4.民主党は弾劾努力をもっと進めるべきだった
 本書でボルトン氏は、民主党の大統領選候補者バイデン氏への捜査を開始するよう、ウクライナ政府に圧力をかけるために、トランプ氏はウクライナ政府への軍事援助の停止を望んでいたという民主党の主張を支持している。この民主党の主張により、トランプ氏に対する弾劾の動きが始まった。
 しかしボルトン氏は、本書の中で民主党を非難し、「彼らはウクライナだけに集中し、弾劾に失敗した」と述べている。ボルトン氏は、もし彼らが調査をもっと広げていたら、トランプ大統領を辞めさせるために必要となる「重大な犯罪と軽犯罪」を彼が犯していたと、より多くの米国民に信じさせることになっただろう、と述べている。
 ボルトン氏は、彼が述べる新たな主張が、弾劾に結び付くかどうかについては述べていない。
 彼は、昨年遅くに行われた、下院でのトランプ弾劾への手続きでの証言を避け、上院では、共和党議員たちによって証言が阻止された。
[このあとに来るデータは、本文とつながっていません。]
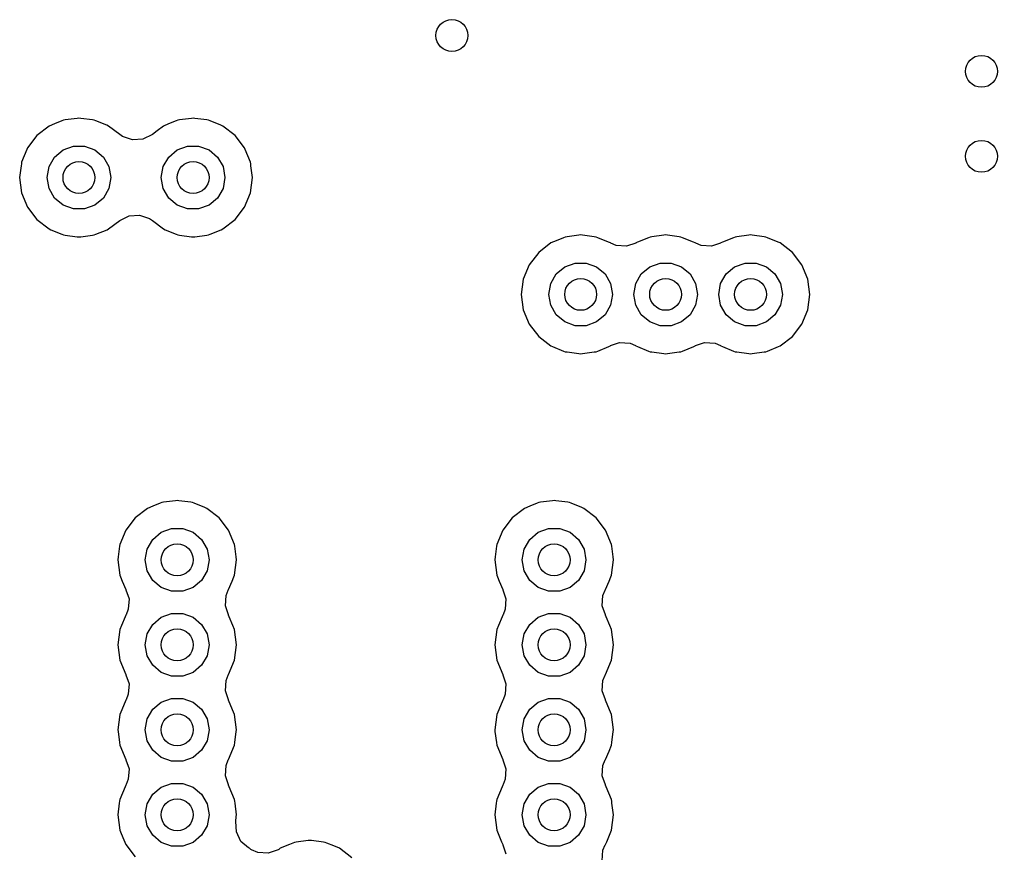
# Model space of a CAD drawing. Extents: x 0.99 to 4.24, y -7.27 to -4.02.
# Drawn here: x 2.0922 to 2.4547, y -6.971 to -6.6619 of the extents above; entities that cross this region are included whole.
import ezdxf

# ---------------------------------------------------------------- set-up
doc = ezdxf.new("R2010")
doc.units = 0
doc.header["$MEASUREMENT"] = 0
doc.layers.add('BLACK', color=7, linetype='CONTINUOUS')

msp = doc.modelspace()

# ---------------------------------------------------------------- linework, layer by layer
at = {"layer": 'BLACK', "linetype": 'CONTINUOUS'}
for p, q in [((2.10787, -6.69945), (2.10511, -6.7006)), ((2.10847, -6.6992), (2.10787, -6.69945)), ((2.10787, -6.69945), (2.10787, -6.69945)), ((2.10912, -6.69912), (2.10847, -6.6992)), ((2.11353, -6.69854), (2.10912, -6.69912)), ((2.10912, -6.69912), (2.10912, -6.69912)), ((2.11417, -6.69845), (2.11353, -6.69854)), ((2.11482, -6.69854), (2.11417, -6.69845)), ((2.11923, -6.69912), (2.11482, -6.69854)), ((2.11987, -6.6992), (2.11923, -6.69912)), ((2.11923, -6.69912), (2.11923, -6.69912)), ((2.12048, -6.69945), (2.11987, -6.6992)), ((2.12445, -6.7011), (2.12048, -6.69945)), ((2.12048, -6.69945), (2.12048, -6.69945)), ((2.15019, -6.69945), (2.14743, -6.7006)), ((2.1508, -6.6992), (2.15019, -6.69945)), ((2.15019, -6.69945), (2.15019, -6.69945)), ((2.15144, -6.69912), (2.1508, -6.6992)), ((2.15585, -6.69854), (2.15144, -6.69912)), ((2.15144, -6.69912), (2.15144, -6.69912)), ((2.1565, -6.69845), (2.15585, -6.69854)), ((2.15714, -6.69854), (2.1565, -6.69845)), ((2.16155, -6.69912), (2.15714, -6.69854)), ((2.1622, -6.6992), (2.16155, -6.69912)), ((2.16155, -6.69912), (2.16155, -6.69912)), ((2.1628, -6.69945), (2.1622, -6.6992)), ((2.16678, -6.7011), (2.1628, -6.69945)), ((2.1628, -6.69945), (2.1628, -6.69945)), ((2.10316, -6.7014), (2.0986, -6.7049)), ((2.10511, -6.7006), (2.10316, -6.7014)), ((2.12518, -6.7014), (2.12445, -6.7011)), ((2.12927, -6.70454), (2.12518, -6.7014)), ((2.14321, -6.70315), (2.1414, -6.70454)), ((2.14549, -6.7014), (2.14321, -6.70315)), ((2.14743, -6.7006), (2.14549, -6.7014)), ((2.16751, -6.7014), (2.16678, -6.7011)), ((2.17207, -6.7049), (2.16751, -6.7014)), ((2.0986, -6.7049), (2.0951, -6.70946)), ((2.13035, -6.70526), (2.12927, -6.70454)), ((2.13403, -6.70651), (2.13035, -6.70526)), ((2.13791, -6.70626), (2.13403, -6.70651)), ((2.1414, -6.70454), (2.13791, -6.70626)), ((2.17557, -6.70946), (2.17207, -6.7049)), ((2.09485, -6.71007), (2.09388, -6.71242)), ((2.0951, -6.70946), (2.09485, -6.71007)), ((2.10513, -6.71288), (2.10827, -6.71024)), ((2.10827, -6.71024), (2.11212, -6.70884)), ((2.11212, -6.70884), (2.11622, -6.70884)), ((2.11622, -6.70884), (2.12008, -6.71024)), ((2.12008, -6.71024), (2.12322, -6.71288)), ((2.14745, -6.71288), (2.15059, -6.71024)), ((2.15059, -6.71024), (2.15445, -6.70884)), ((2.15445, -6.70884), (2.15855, -6.70884)), ((2.15855, -6.70884), (2.1624, -6.71024)), ((2.1624, -6.71024), (2.16554, -6.71288)), ((2.17582, -6.71007), (2.17557, -6.70946)), ((2.17679, -6.71242), (2.17582, -6.71007)), ((2.0929, -6.71477), (2.09282, -6.71542)), ((2.09388, -6.71242), (2.0929, -6.71477)), ((2.10307, -6.71643), (2.10513, -6.71288)), ((2.12322, -6.71288), (2.12527, -6.71643)), ((2.1454, -6.71643), (2.14745, -6.71288)), ((2.16554, -6.71288), (2.16759, -6.71643)), ((2.17776, -6.71477), (2.17679, -6.71242)), ((2.17785, -6.71542), (2.17776, -6.71477)), ((2.09273, -6.71613), (2.09215, -6.72047)), ((2.09282, -6.71542), (2.09273, -6.71613)), ((2.09282, -6.71542), (2.09282, -6.71542)), ((2.10236, -6.72047), (2.10307, -6.71643)), ((2.12527, -6.71643), (2.12598, -6.72047)), ((2.14469, -6.72047), (2.1454, -6.71643)), ((2.16759, -6.71643), (2.16831, -6.72047)), ((2.17785, -6.71542), (2.17785, -6.71542)), ((2.17794, -6.71613), (2.17785, -6.71542)), ((2.17852, -6.72047), (2.17794, -6.71613)), ((2.09215, -6.72047), (2.0929, -6.72617)), ((2.10307, -6.72451), (2.10236, -6.72047)), ((2.12598, -6.72047), (2.12527, -6.72451)), ((2.1454, -6.72451), (2.14469, -6.72047)), ((2.16831, -6.72047), (2.16759, -6.72451)), ((2.17776, -6.72617), (2.17852, -6.72047)), ((2.10513, -6.72806), (2.10307, -6.72451)), ((2.12527, -6.72451), (2.12322, -6.72806)), ((2.14745, -6.72806), (2.1454, -6.72451)), ((2.16759, -6.72451), (2.16554, -6.72806)), ((2.0929, -6.72617), (2.0951, -6.73148)), ((2.10827, -6.7307), (2.10513, -6.72806)), ((2.12322, -6.72806), (2.12008, -6.7307)), ((2.15059, -6.7307), (2.14745, -6.72806)), ((2.16554, -6.72806), (2.1624, -6.7307)), ((2.17557, -6.73148), (2.17776, -6.72617)), ((2.0951, -6.73148), (2.0986, -6.73604)), ((2.11212, -6.7321), (2.10827, -6.7307)), ((2.11622, -6.7321), (2.11212, -6.7321)), ((2.12008, -6.7307), (2.11622, -6.7321)), ((2.15445, -6.7321), (2.15059, -6.7307)), ((2.15855, -6.7321), (2.15445, -6.7321)), ((2.1624, -6.7307), (2.15855, -6.7321)), ((2.17207, -6.73604), (2.17557, -6.73148)), ((2.0986, -6.73604), (2.10316, -6.73954)), ((2.12518, -6.73954), (2.12927, -6.7364)), ((2.12927, -6.7364), (2.13276, -6.73469)), ((2.13276, -6.73469), (2.13663, -6.73443)), ((2.13663, -6.73443), (2.14031, -6.73568)), ((2.14031, -6.73568), (2.1414, -6.7364)), ((2.1414, -6.7364), (2.14549, -6.73954)), ((2.16751, -6.73954), (2.17207, -6.73604)), ((2.10316, -6.73954), (2.10377, -6.73979)), ((2.10377, -6.73979), (2.10787, -6.74149)), ((2.12048, -6.74149), (2.12458, -6.73979)), ((2.12458, -6.73979), (2.12518, -6.73954)), ((2.14549, -6.73954), (2.14609, -6.73979)), ((2.14609, -6.73979), (2.15019, -6.74149)), ((2.1628, -6.74149), (2.1669, -6.73979)), ((2.1669, -6.73979), (2.16751, -6.73954)), ((2.10787, -6.74149), (2.10787, -6.74149)), ((2.10787, -6.74149), (2.10847, -6.74174)), ((2.10847, -6.74174), (2.10912, -6.74183)), ((2.10912, -6.74183), (2.10912, -6.74183)), ((2.10912, -6.74183), (2.11353, -6.74241)), ((2.11353, -6.74241), (2.11417, -6.74249)), ((2.11417, -6.74249), (2.11482, -6.74241)), ((2.11482, -6.74241), (2.11923, -6.74183)), ((2.11923, -6.74183), (2.11987, -6.74174)), ((2.11923, -6.74183), (2.11923, -6.74183)), ((2.11987, -6.74174), (2.12048, -6.74149)), ((2.12048, -6.74149), (2.12048, -6.74149)), ((2.15019, -6.74149), (2.15019, -6.74149)), ((2.15019, -6.74149), (2.1508, -6.74174)), ((2.1508, -6.74174), (2.15144, -6.74183)), ((2.15144, -6.74183), (2.15144, -6.74183)), ((2.15144, -6.74183), (2.15585, -6.74241)), ((2.15585, -6.74241), (2.1565, -6.74249)), ((2.1565, -6.74249), (2.15714, -6.74241)), ((2.15714, -6.74241), (2.16155, -6.74183)), ((2.16155, -6.74183), (2.1622, -6.74174)), ((2.16155, -6.74183), (2.16155, -6.74183)), ((2.1622, -6.74174), (2.1628, -6.74149)), ((2.1628, -6.74149), (2.1628, -6.74149)), ((2.29113, -6.7439), (2.28919, -6.74471)), ((2.29389, -6.74276), (2.29113, -6.7439)), ((2.2945, -6.74251), (2.29389, -6.74276)), ((2.29389, -6.74276), (2.29389, -6.74276)), ((2.29515, -6.74243), (2.2945, -6.74251)), ((2.29955, -6.74185), (2.29515, -6.74243)), ((2.29515, -6.74243), (2.29515, -6.74243)), ((2.3002, -6.74176), (2.29955, -6.74185)), ((2.30084, -6.74185), (2.3002, -6.74176)), ((2.30525, -6.74243), (2.30084, -6.74185)), ((2.3059, -6.74251), (2.30525, -6.74243)), ((2.30525, -6.74243), (2.30525, -6.74243)), ((2.3065, -6.74276), (2.3059, -6.74251)), ((2.31048, -6.74441), (2.3065, -6.74276)), ((2.3065, -6.74276), (2.3065, -6.74276)), ((2.32539, -6.74276), (2.32129, -6.74446)), ((2.32599, -6.74251), (2.32539, -6.74276)), ((2.32539, -6.74276), (2.32539, -6.74276)), ((2.32664, -6.74243), (2.32599, -6.74251)), ((2.33105, -6.74185), (2.32664, -6.74243)), ((2.32664, -6.74243), (2.32664, -6.74243)), ((2.33169, -6.74176), (2.33105, -6.74185)), ((2.33234, -6.74185), (2.33169, -6.74176)), ((2.33674, -6.74243), (2.33234, -6.74185)), ((2.33739, -6.74251), (2.33674, -6.74243)), ((2.33674, -6.74243), (2.33674, -6.74243)), ((2.33799, -6.74276), (2.33739, -6.74251)), ((2.34197, -6.74441), (2.33799, -6.74276)), ((2.33799, -6.74276), (2.33799, -6.74276)), ((2.35689, -6.74276), (2.35278, -6.74446)), ((2.35749, -6.74251), (2.35689, -6.74276)), ((2.35689, -6.74276), (2.35689, -6.74276)), ((2.35814, -6.74243), (2.35749, -6.74251)), ((2.36254, -6.74185), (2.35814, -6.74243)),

5.トランプは二期以上、大統領を続けるのを望んでいることを示唆した
 トランプ大統領の習近平との会話について続ける。ボルトンは、トランプ氏が中国の指導者に、米国人はトランプ氏が2期以上大統領を務めるために、憲法を改正することを熱望している、と述べている。
 「習はトランプに、6年以上やってほしいと思っていると応じて、会談は最高潮に達した。トランプは、国民は彼のために、2期までと定めている大統領の任期条項を廃止すべきだと言っている、と応じた」とボルトンは、ウオールストリート・ジャーナルが掲載した本書抜粋で書いている。
 「習は、選挙が多すぎる。と述べた。彼はトランプの交代を望んでいないからだ」
 ―以下、長くなるので、BBC電子版の一部を省略。

6.トランプは英国が核保有国であることを知らなかった
7.・・・もしフィンランドがロシアの一部だったら・・
8.彼はNATO脱退実行にとても近い
 トランプ大統領はしつこくNATO批判をしており、他の加盟国の分担金増額を要求している。
 米国はNATOメンバーに留まってはいるが、2018年のNATO首脳会議に際しては、トランプはNATO脱退を決意していた。
 ボルトン氏によると、大統領は「われわれは脱退する。支払わない国は守らない」と言った。

9.ベネズエラ侵攻は“クール”に
 トランプ政権の外交にとって、頭の痛い重要テーマの一つは、ベネズエラのマドーロ大統領の、ゆるぎない反米姿勢だ。
 この問題について、トランプ大統領は、ベネズエラ侵攻は「クール」だろうし、この南米の国は「実際は米国の一部なのだ」と述べていた。(この項後略)

10.同盟国でさえ彼を嘲笑している
 ボルトン氏のこの著書には、ホワイトハウス内の公職者たちがトランプ大統領を嘲笑している数例が記されている。
 彼はホワイトハウス内の機能不全について書き、会合が政策作成の努力とみなすより、“食べ物の奪い合い”に似ている、と記述している。
 彼がホワイトハウスに到着した時、首席補佐官のジョン・ケリーは「ここは、働こうとする人には悪いところです。あなたも分かるでしょう」といった。
 大統領に忠実だとみられているポンぺイオ国務長官でさえ、大統領のことを“Full of shit”(くそったれ)と呼んでいるメモを書いたといわれている。(了)

(注)トランプ米大統領はじめ人物の敬称、肩書については、BBCの原文になるべく従った。日本のメディアは、見出しでも文中でも、おそらくすべて「大統領」とか「氏」とかを付けているが、世界のメディアは違う。文中では単に「トランプ」で、肩書、敬称を付けないこともある。